Sri Aurobindo explains:  “But as Matter is constantly prepared for the manifestation of Life until Life is able to move in it, possess it, manage in it its own action and reaction, and as Life is constantly prepared for the manifestation of Mind until Mind is able to use it, enlighten its actions and reactions by higher and higher mental values, so must it be with Mind and that which is beyond Mind.  And all this progression is possible because these things are only different formations of one being and one consciousness.  Life only reveals in Matter that which is involved in Matter, that which is the secret meaning and essence of Matter.  It reveals, as it were, to material existence its own soul, its own end.  So too Mind reveals in Life all that Life means, all that it obscurely is in essence but cannot realise because it is absorbed in its own practical motion and its own characteristic form.  So also Supermind must intervene to reveal Mind to itself, to liberate it from its absorption in its own practical motion and characteristic form and enable the mental being to realise that which is the hidden secret of all its formal practice and action.  Thus shall man come to the knowledge of that which rules within him and missions his mind to its mark, sends forth his speech, impels the life-force in its paths and sets his senses to their workings.”

Sri Aurobindo, The Upanishads, Kena Upanishad and analysis, pg. 102, 136-141

Mind and Supermind, Part 1

Having recognized the necessity of a “Mind behind the mind”, the questions then arise as to whether and to what extent we can experience, know and relate to that level of consciousness.  The Upanishads constantly tell us that our mind and senses cannot know or seize this next level of awareness; and yet they advise us to seek after and know Brahman.  Sri Aurobindo explains the apparent contradiction in these two positions:

“When we say, however, that “Mind of mind” is the nature or description of the Brahman-consciousness, we must not forget that the absolute Brahman in itself is held to be unknowable and therefore beyond description.  It is unknowable, not because it is a void and capable of no description except that of nothingness, nor because, although positive in existence, it has no content or quality, but because it is beyond all that that our present instruments of knowledge can conceive and because the methods of ideation and expression proper to our mentality do not apply to it.  It is the absolute of all things that we know and of each thing that we know and yet nothing nor any sum of things can exhaust or characterise its essential being.  For its manner of being is other than that which we call existence; its unity resists all analysis, its multiple infinities exceed every synthesis.  Therefore it is not in its absolute essentiality that it can be described as Mind of the mind, but in its fundamental nature in regard to our mental existence.  Brahman-consciousness is the eternal outlook of the Absolute upon the relative.”

“For neither Mind, Speech nor Sense can travel to the Brahman; therefore Brahman must be beyond all these things in its very nature, otherwise it would be attainable by them in their function. …   The reason of this entire inability is next given ‘because Brahman is other than the known and It is there over the unknown’, possessing it and, as it were, presiding over it.  The known is all that we grasp and possess by our present mentality; it is all that is not the supreme Brahman but only form and phenomenon of it to our sense and mental cognition.”

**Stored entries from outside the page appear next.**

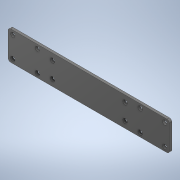
# Autodesk Inventor part: de ga con truot
Saved by Autodesk Inventor 2020 (Build 240168000, 168)
## iProperties
Created: 2021-05-31
Part Number: de ga con truot
Material: Generic
Document SubType Name: Modeling
Designer: Admin
Density: 1 g/cm^3
Appearance: Smooth - Black
Author: Admin
Autodesk Inventor part; units mm, degrees
ref_plane "YZ Plane" through (0, 0, 0) normal (1, 0, 0) x (0, 1, 0)
ref_plane "XZ Plane" through (0, 0, 0) normal (0, 1, 0) x (-1, 0, 0)
ref_plane "XY Plane" through (0, 0, 0) normal (0, 0, 1) x (1, 0, 0)
sketch "Sketch1" plane through (0, 0, 0) normal (0, 0, 1) x (1, 0, 0)
  line L0 (-100, -18) -> (100, -18)
  line L1 (100, -18) -> (100, 18)
  line L2 (100, 18) -> (-100, 18)
  line L3 (-100, 18) -> (-100, -18)
  line L4 (-100, -18) -> (100, 18) construction
  line L5 (100, -18) -> (-100, 18) construction
  point P0 (0, 0)
  dimension "d0" = 200
  dimension "d1" = 36
  constraints: 12 end point, 2 midpoint, 2 parallel, 1 horizontal, 1 perpendicular
  measures "d0" distance of L2.end L1.end
  measures "d1" distance of L1.end L0.end
extrude "Extrusion1" add sketch "Sketch1" along normal blind 3
sketch "Sketch2" plane through (0, 0, 3) normal (0, 0, 1) x (1, 0, 0)
  line L0 (-94.25, -13) -> (-63.75, -13)
  line L1 (-63.75, -13) -> (-63.75, 13)
  line L2 (-63.75, 13) -> (-94.25, 13)
  line L3 (-94.25, 13) -> (-94.25, -13)
  line L4 (-94.25, -13) -> (-63.75, 13) construction
  line L5 (-63.75, -13) -> (-94.25, 13) construction
  line L6 (100, 18) -> (-100, 18) projected
  line L7 (-100, -18) -> (-58, -18)
  line L8 (-58, -18) -> (-58, 18)
  line L9 (-58, 18) -> (-100, 18)
  line L10 (-100, 18) -> (-100, -18)
  line L11 (-100, -18) -> (-58, 18) construction
  line L12 (-58, -18) -> (-100, 18) construction
  line L13 (-100, 18) -> (-100, -18) projected
  circle A0 centre (-94.25, 13) radius 2.75
  circle A1 centre (-63.75, 13) radius 2.75
  circle A2 centre (-94.25, -13) radius 2.75
  circle A3 centre (-63.75, -13) radius 2.75
  line L14 (63.75, -13) -> (94.25, -13)
  line L15 (94.25, -13) -> (94.25, 13)
  line L16 (94.25, 13) -> (63.75, 13)
  line L17 (63.75, 13) -> (63.75, -13)
  line L18 (63.75, -13) -> (94.25, 13) construction
  line L19 (94.25, -13) -> (63.75, 13) construction
  line L20 (58, -18) -> (100, -18)
  line L21 (100, -18) -> (100, 18)
  line L22 (100, 18) -> (58, 18)
  line L23 (58, 18) -> (58, -18)
  line L24 (58, -18) -> (100, 18) construction
  line L25 (100, -18) -> (58, 18) construction
  circle A4 centre (63.75, 13) radius 2.75
  circle A5 centre (94.25, 13) radius 2.75
  circle A6 centre (63.75, -13) radius 2.75
  circle A7 centre (94.25, -13) radius 2.75
  line L26 (100, -18) -> (100, 18) projected
  point P0 (0, 0)
  point P1 (-79, 0)
  point P2 (-79, 0)
  point P3 (79, 0)
  point P4 (79, 0)
  dimension "d4" = 30.5
  dimension "d5" = 26
  dimension "d6" = 42
  dimension "d7" = 0
  dimension "d8" = 0
  dimension "d9" = 5.5
  dimension "d10" = 5.5
  dimension "d11" = 5.5
  dimension "d12" = 5.5
  dimension "d13" = 30.5
  dimension "d14" = 26
  dimension "d15" = 42
  dimension "d16" = 0
  dimension "d17" = 5.5
  dimension "d18" = 5.5
  dimension "d19" = 5.5
  dimension "d20" = 5.5
  dimension "d21" = 0
  dimension "d22" = 36
  constraints: 48 end point, 8 centre point, 8 coincident, 8 midpoint, 8 parallel, 4 horizontal, 4 perpendicular, 1 point on line
  measures "d4" distance of L2.end L1.end
  measures "d5" distance of L1.end L0.end
  measures "d6" distance of L9.end L8.end
  measures "d7" distance between parallel lines of L13 L10
  measures "d8" distance of point (-79, 0) point (-79, 0)
  measures "d9" diameter of A0
  measures "d10" diameter of A1
  measures "d11" diameter of A2
  measures "d12" diameter of A3
  measures "d13" distance of L16.end L16.start
  measures "d14" distance of L16.start L15.start
  measures "d15" distance of L22.end L22.start
  measures "d16" distance of point (79, 0) point (79, 0)
  measures "d17" diameter of A4
  measures "d18" diameter of A5
  measures "d19" diameter of A6
  measures "d20" diameter of A7
  measures "d21" distance between parallel lines of L21 L26
  measures "d22" distance between parallel lines of L20 L6
extrude "Extrusion2" cut sketch "Sketch2" against normal blind 3 contours L3 A2 L0 | L0 A2 L3 | A3 L1 L0 | L0 L1 A3 | A0 L2 L3 | L3 L2 A0 | A1 L2 L1 | L1 L2 A1 | L17 A6 L14 | L14 A6 L17 | A7 L15 L14 | L14 L15 A7 | A4 L16 L17 | L17 L16 A4 | A5 L16 L15 | L15 L16 A5
fillet "Fillet1" radius 3 4 edges at (100, 18, 1.5) (100, -18, 1.5) (-100, -18, 1.5) (-100, 18, 1.5)
sketch "Sketch3" plane through (0, 0, 3) normal (0, 0, 1) x (1, 0, 0)
  line L0 (-45, -10) -> (45, -10)
  line L1 (45, -10) -> (45, 10)
  line L2 (45, 10) -> (-45, 10)
  line L3 (-45, 10) -> (-45, -10)
  line L4 (-45, -10) -> (45, 10) construction
  line L5 (45, -10) -> (-45, 10) construction
  point P0 (0, 0)
  dimension "d26" = 90
  dimension "d27" = 20
  constraints: 12 end point, 2 midpoint, 2 parallel, 1 horizontal, 1 perpendicular
  measures "d26" distance of L2.end L1.end
  measures "d27" distance of L1.end L0.end
hole "Hole1" at (-45, 10, 3) at (45, 10, 3) at (45, -10, 3) at (-45, -10, 3) direction (0, 0, -1) diameter 5.5 end through all
body "Solid1"

There is the Supreme Absolute, the unknowable Brahman.  There is also the unknown which may be beyond the capacities of Mind, Life and Body, yet within the theoretical capacities of a higher form or instrumentation of knowing.

“The means for the attainment of this highest knowledge is the constant preparation of the mind by the admission into it of a working higher than itself until the mind is capable of giving itself up to the supramental action which exceeds it and which will finally replace it.  In fact, Mind also has to follow the law of natural progression which has governed our evolution in this world from Matter into Life and Life into Mind.  For just as Life-consciousness is beyond the imprisoned mental material being and unattainable by it through its own instruments, just as mind-consciousness is beyond the first inconscient movements of life, so too this supramental consciousness is beyond the divided and dividing nature of Mind and unattainable by it through its own instruments.”

Sri Aurobindo, The Upanishads, Kena Upanishad and analysis, pg. 102, 136-141

The Mind Behind the Mind, Part 3

There remain two issues to clear up in a review of the existence of a “mind behind the mind”.  The first of these relates to whether the evolution of this new power of consciousness and creative will actually can and will take place for humanity as a general capability, or whether it will evolve in such a way as to either leave the human being behind, or leave behind most of humanity in a specialized evolution.

The second one relates to the nature and pre-existence of what Sri Aurobindo terms the supramental consciousness that is this mind behind the mind.

We can observe that the human mind, with its many limitations and weaknesses which prevent it from being a “first mover” of knowledge or creation, also experiences intimations, intuitions and flashes which obviously originate from some higher plane of consciousness.

Sri Aurobindo notes:  “There is one law from the lowest to the highest.  Matter, when we examine it closely, proves to be instinct with the stuff of Life … but the visible principle of life can only emerge when the necessary material conditions have been prepared which will permit it to organise itself in Matter.  So also Life is instinct with the stuff of Mind, … but the visible principle of Mind can only emerge when the necessary vital conditions have been prepared which will permit it to organise itself in living Matter.  Mind too is instinct with the stuff of supermind — sympathies, unities, intuitions, emergences of pre-existent knowledge, instincts, imperative lights and movements, inherent self-effectivities of will which disguise themselves in a mental form; but the visible principle of supermind can only emerge when the necessary mental conditions are prepared which will permit it to organise itself in man, the mental living creature.”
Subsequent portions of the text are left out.